▸ **Data for review**
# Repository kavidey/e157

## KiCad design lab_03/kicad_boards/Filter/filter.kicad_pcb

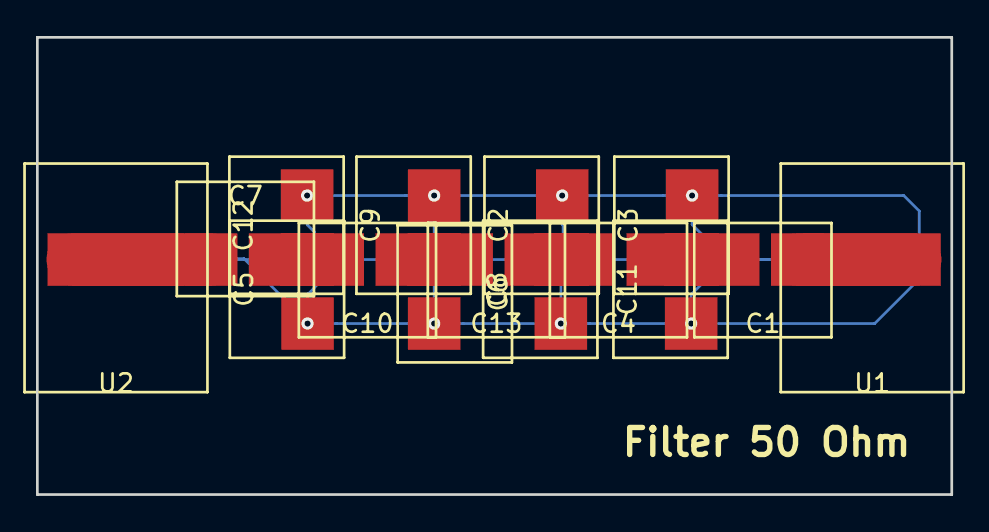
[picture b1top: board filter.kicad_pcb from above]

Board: 2 copper layers, 50.8 x 25.4 mm, 15 parts (0 on the bottom side), 11 nets.

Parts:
C1, C2, C3, C4, C5, C6, C7, C8, C9, C10, C11, C12, C13: C; filtercap
U1, U2: coax; rfcoax

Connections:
GND: C2.1, C3.1, C5.2, C6.1, C8.2, C9.1, C11.2, C12.1, U1.2, U2.2
unnamed: C1.1, C4.2
unnamed: C1.2, U1.1
unnamed: C2.2, C3.2
unnamed: C4.1, C7.2
unnamed: C5.1, C6.2
unnamed: C8.1, C9.2
unnamed: C10.1, C13.2
unnamed: C7.1, C10.2
unnamed: C11.1, C12.2
unnamed: C13.1, U2.1

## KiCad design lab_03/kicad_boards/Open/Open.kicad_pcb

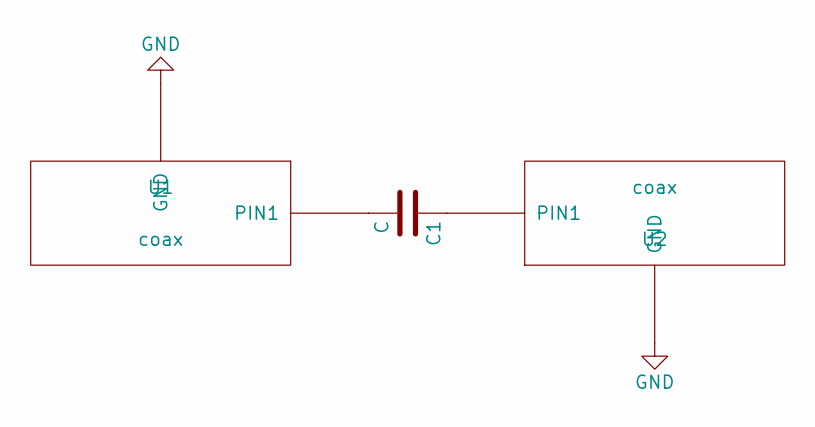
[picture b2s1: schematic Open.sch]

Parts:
C1: C; cap
U1, U2: coax; rfcoax

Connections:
GND: U1.2 (GND), U2.2 (GND)
unnamed: C1.1, U2.1 (PIN1)
unnamed: C1.2, U1.1 (PIN1)

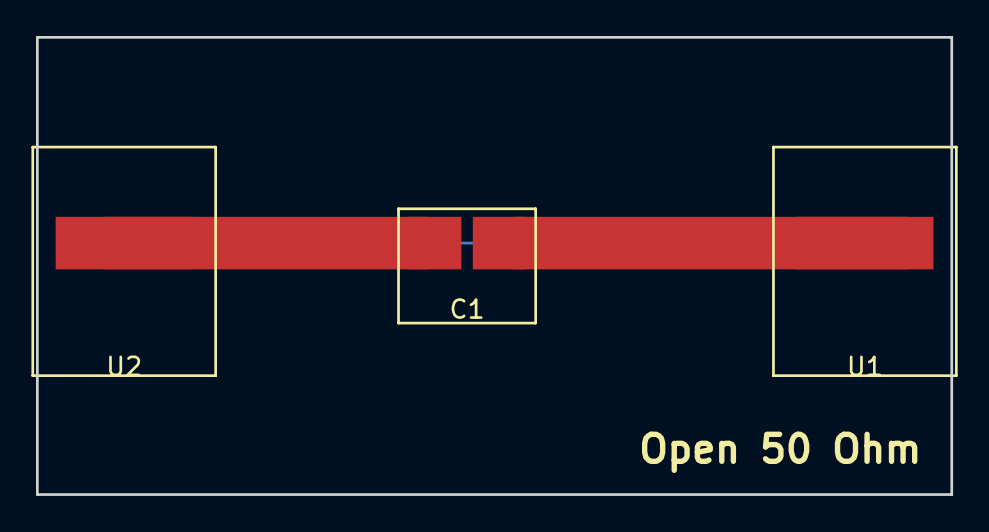
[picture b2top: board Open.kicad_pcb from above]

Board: 2 copper layers, 50.8 x 25.4 mm, 3 parts (0 on the bottom side), 3 nets.

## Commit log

2024-09-04 Add lab 1 schematics
2024-09-10 Add lab 2 data and p3 processing code
2024-09-23 Add all lab 2 files and scripts for lab 3
2024-09-24 Add data for main part of lab 1
2024-09-28 Add photos and update schematifcs
2024-09-28 Add missing photos
2024-09-29 Add additional simulations, processing scripts, and kicad files
2024-10-01 Add lab 3 extra credit
2024-10-03 Full data and sim for lab 3
2024-10-05 Add simulation code and schematics for DP1
2024-10-06 Add report, schematics, and code for DP1
2024-10-08 Add data from lab and fixed simulations
2024-10-08 Add additional data, clean up code
2024-10-10 Update sim with correct frequency
2024-10-10 Update report and add figures
2024-10-10 Add all code and figures for assembled filter
2024-10-10 Add phase plot and replace pngs with pdfs
2024-10-10 Add all sim figures
2024-10-10 Add analytical figures
2024-10-12 Finish DP1!
    Update code for plots and report
2024-10-12 Small grammar fixes
2024-11-13 Add all lab 4 files
2024-11-19 Data and code for day 1 of lab 2
2024-11-19 Data and code for day 2 of lab 5
2024-11-20 Add day 3 data for lab 5
2024-11-24 Add report
2024-11-24 Lab 6 extra credit code
2024-12-01 Add data and code for lab 6 day 1
2024-12-03 Add day 2 files
2024-12-07 add finished data and code for lab 6
2024-12-13 Add dp2 data files
2024-12-14 Part way done with DP2 report
2024-12-14 Rename files
2024-12-14 Finish DP2!!
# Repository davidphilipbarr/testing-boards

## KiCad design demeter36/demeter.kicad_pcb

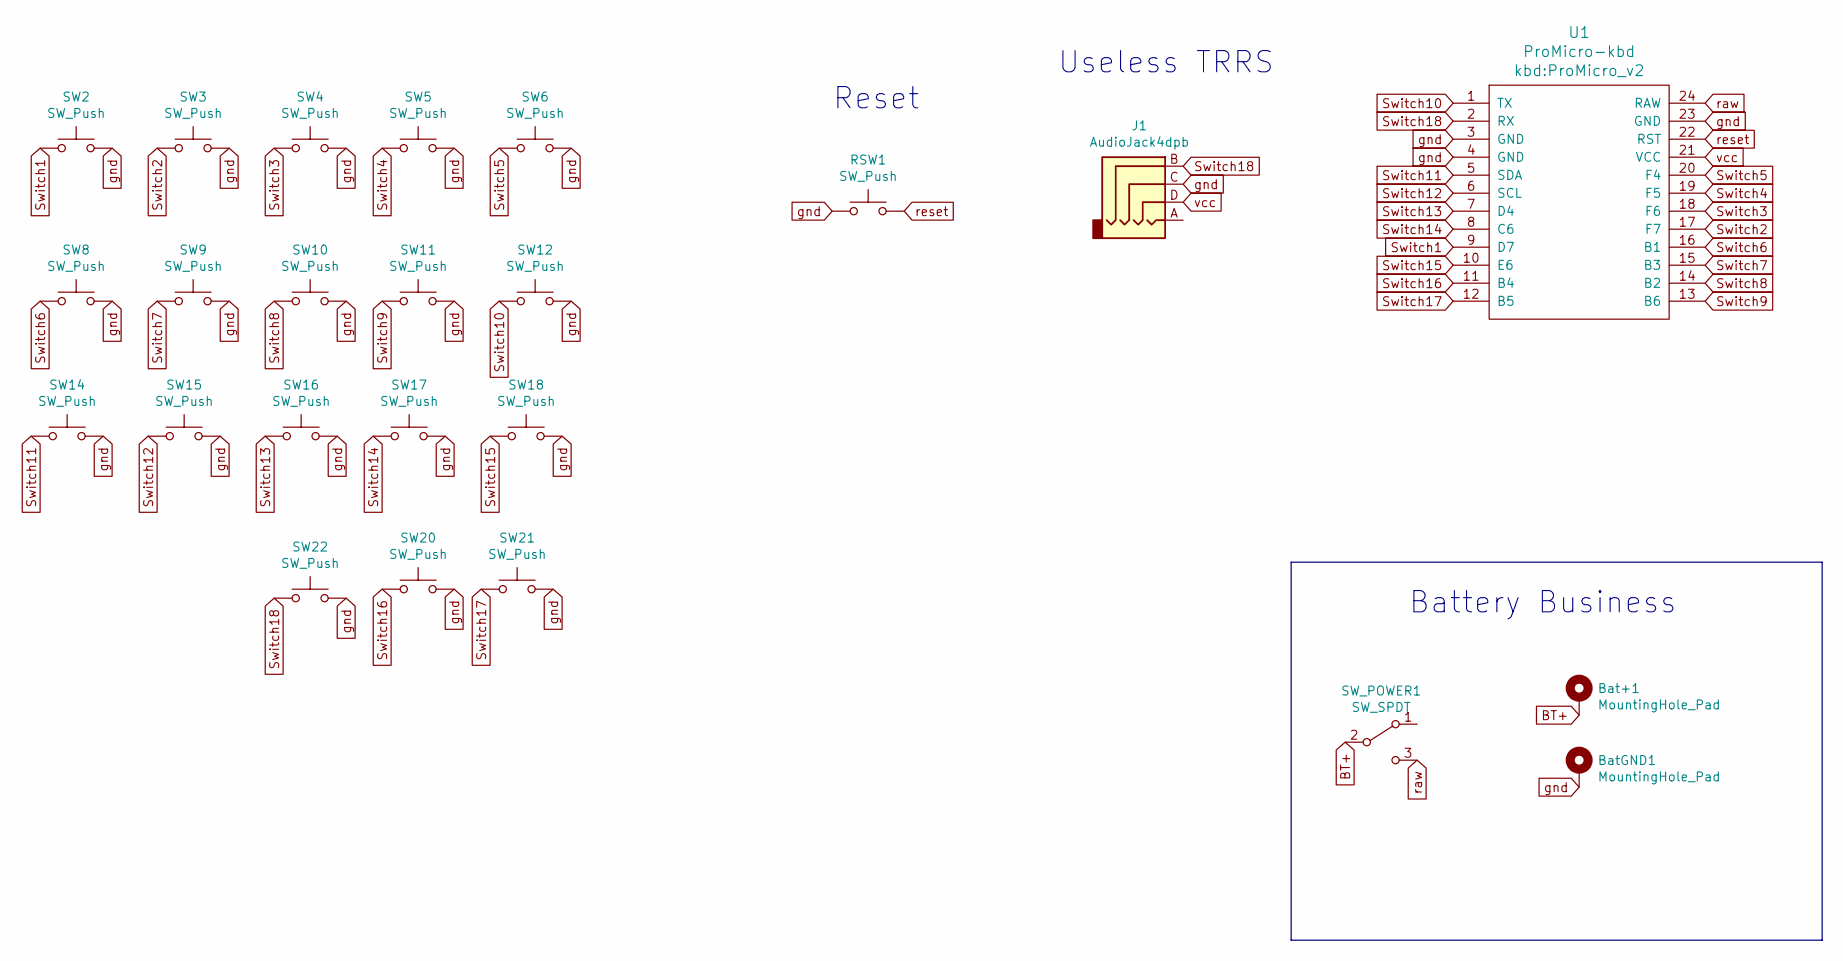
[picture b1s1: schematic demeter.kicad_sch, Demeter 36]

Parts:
Bat+1: MountingHole_Pad; 1pin_conn
BatGND1: MountingHole_Pad; 1pin_conn
J1: AudioJack4dpb; MJ-4PP-9
RSW1: SW_Push; ResetSW
SW2, SW3, SW4, SW5, SW6, SW8, SW9, SW10, SW11, SW12, SW14, SW15, SW16, SW17, SW18, SW20, SW21, SW22: SW_Push; SW_PG1350_rev_DPB
SW_POWER1: SW_SPDT; SPDT_C128955
U1: ProMicro-kbd; ProMicro_v2

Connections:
BT+: Bat+1.1, SW_POWER1.2 (B), U1.27; also elsewhere on the board
Switch1: SW2.1, U1.9 (D7)
Switch2: SW3.1, U1.17 (F7)
Switch3: SW4.1, U1.18 (F6)
Switch4: SW5.1, U1.19 (F5)
Switch5: SW6.1, U1.20 (F4)
Switch6: SW8.1, U1.16 (B1)
Switch7: SW9.1, U1.15 (B3)
Switch8: SW10.1, U1.14 (B2)
Switch9: SW11.1, U1.13 (B6)
Switch10: SW12.1, U1.1 (TX)
Switch11: SW14.1, U1.5 (SDA)
Switch12: SW15.1, U1.6 (SCL)
Switch13: SW16.1, U1.7 (D4)
Switch14: SW17.1, U1.8 (C6)
Switch15: SW18.1, U1.10 (E6)
Switch16: SW20.1, U1.11 (B4)
Switch17: SW21.1, U1.12 (B5)
Switch18: J1.B, SW22.1, U1.2 (RX); also elsewhere on the board
gnd: BatGND1.1, J1.C, RSW1.1, SW2.2, SW3.2, SW4.2, SW5.2, SW6.2, SW8.2, SW9.2, SW10.2, SW11.2, SW12.2, SW14.2, SW15.2, SW16.2, SW17.2, SW18.2, SW20.2, SW21.2, SW22.2, U1.3 (GND), U1.4 (GND), U1.23 (GND); also elsewhere on the board
raw: SW_POWER1.3 (C), U1.24 (RAW); also elsewhere on the board
reset: RSW1.2, U1.22 (RST)
vcc: J1.D, U1.21 (VCC)

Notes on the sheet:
Reset
Battery Business
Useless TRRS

▸ **Work to be completed**
Exclude images and repeat all entries exactly.

▸ **Response to the task**
# Repository kavidey/e157

## KiCad design lab_03/kicad_boards/Filter/filter.kicad_pcb

[picture b1top: board filter.kicad_pcb from above]

Board: 2 copper layers, 50.8 x 25.4 mm, 15 parts (0 on the bottom side), 11 nets.

Parts:
C1, C2, C3, C4, C5, C6, C7, C8, C9, C10, C11, C12, C13: C; filtercap
U1, U2: coax; rfcoax

Connections:
GND: C2.1, C3.1, C5.2, C6.1, C8.2, C9.1, C11.2, C12.1, U1.2, U2.2
unnamed: C1.1, C4.2
unnamed: C1.2, U1.1
unnamed: C2.2, C3.2
unnamed: C4.1, C7.2
unnamed: C5.1, C6.2
unnamed: C8.1, C9.2
unnamed: C10.1, C13.2
unnamed: C7.1, C10.2
unnamed: C11.1, C12.2
unnamed: C13.1, U2.1

## KiCad design lab_03/kicad_boards/Open/Open.kicad_pcb

[picture b2s1: schematic Open.sch]

Parts:
C1: C; cap
U1, U2: coax; rfcoax

Connections:
GND: U1.2 (GND), U2.2 (GND)
unnamed: C1.1, U2.1 (PIN1)
unnamed: C1.2, U1.1 (PIN1)

[picture b2top: board Open.kicad_pcb from above]

Board: 2 copper layers, 50.8 x 25.4 mm, 3 parts (0 on the bottom side), 3 nets.

## Commit log

2024-09-04 Add lab 1 schematics
2024-09-10 Add lab 2 data and p3 processing code
2024-09-23 Add all lab 2 files and scripts for lab 3
2024-09-24 Add data for main part of lab 1
2024-09-28 Add photos and update schematifcs
2024-09-28 Add missing photos
2024-09-29 Add additional simulations, processing scripts, and kicad files
2024-10-01 Add lab 3 extra credit
2024-10-03 Full data and sim for lab 3
2024-10-05 Add simulation code and schematics for DP1
2024-10-06 Add report, schematics, and code for DP1
2024-10-08 Add data from lab and fixed simulations
2024-10-08 Add additional data, clean up code
2024-10-10 Update sim with correct frequency
2024-10-10 Update report and add figures
2024-10-10 Add all code and figures for assembled filter
2024-10-10 Add phase plot and replace pngs with pdfs
2024-10-10 Add all sim figures
2024-10-10 Add analytical figures
2024-10-12 Finish DP1!
    Update code for plots and report
2024-10-12 Small grammar fixes
2024-11-13 Add all lab 4 files
2024-11-19 Data and code for day 1 of lab 2
2024-11-19 Data and code for day 2 of lab 5
2024-11-20 Add day 3 data for lab 5
2024-11-24 Add report
2024-11-24 Lab 6 extra credit code
2024-12-01 Add data and code for lab 6 day 1
2024-12-03 Add day 2 files
2024-12-07 add finished data and code for lab 6
2024-12-13 Add dp2 data files
2024-12-14 Part way done with DP2 report
2024-12-14 Rename files
2024-12-14 Finish DP2!!
# Repository davidphilipbarr/testing-boards

## KiCad design demeter36/demeter.kicad_pcb

[picture b1s1: schematic demeter.kicad_sch, Demeter 36]

Parts:
Bat+1: MountingHole_Pad; 1pin_conn
BatGND1: MountingHole_Pad; 1pin_conn
J1: AudioJack4dpb; MJ-4PP-9
RSW1: SW_Push; ResetSW
SW2, SW3, SW4, SW5, SW6, SW8, SW9, SW10, SW11, SW12, SW14, SW15, SW16, SW17, SW18, SW20, SW21, SW22: SW_Push; SW_PG1350_rev_DPB
SW_POWER1: SW_SPDT; SPDT_C128955
U1: ProMicro-kbd; ProMicro_v2

Connections:
BT+: Bat+1.1, SW_POWER1.2 (B), U1.27; also elsewhere on the board
Switch1: SW2.1, U1.9 (D7)
Switch2: SW3.1, U1.17 (F7)
Switch3: SW4.1, U1.18 (F6)
Switch4: SW5.1, U1.19 (F5)
Switch5: SW6.1, U1.20 (F4)
Switch6: SW8.1, U1.16 (B1)
Switch7: SW9.1, U1.15 (B3)
Switch8: SW10.1, U1.14 (B2)
Switch9: SW11.1, U1.13 (B6)
Switch10: SW12.1, U1.1 (TX)
Switch11: SW14.1, U1.5 (SDA)
Switch12: SW15.1, U1.6 (SCL)
Switch13: SW16.1, U1.7 (D4)
Switch14: SW17.1, U1.8 (C6)
Switch15: SW18.1, U1.10 (E6)
Switch16: SW20.1, U1.11 (B4)
Switch17: SW21.1, U1.12 (B5)
Switch18: J1.B, SW22.1, U1.2 (RX); also elsewhere on the board
gnd: BatGND1.1, J1.C, RSW1.1, SW2.2, SW3.2, SW4.2, SW5.2, SW6.2, SW8.2, SW9.2, SW10.2, SW11.2, SW12.2, SW14.2, SW15.2, SW16.2, SW17.2, SW18.2, SW20.2, SW21.2, SW22.2, U1.3 (GND), U1.4 (GND), U1.23 (GND); also elsewhere on the board
raw: SW_POWER1.3 (C), U1.24 (RAW); also elsewhere on the board
reset: RSW1.2, U1.22 (RST)
vcc: J1.D, U1.21 (VCC)

Notes on the sheet:
Reset
Battery Business
Useless TRRS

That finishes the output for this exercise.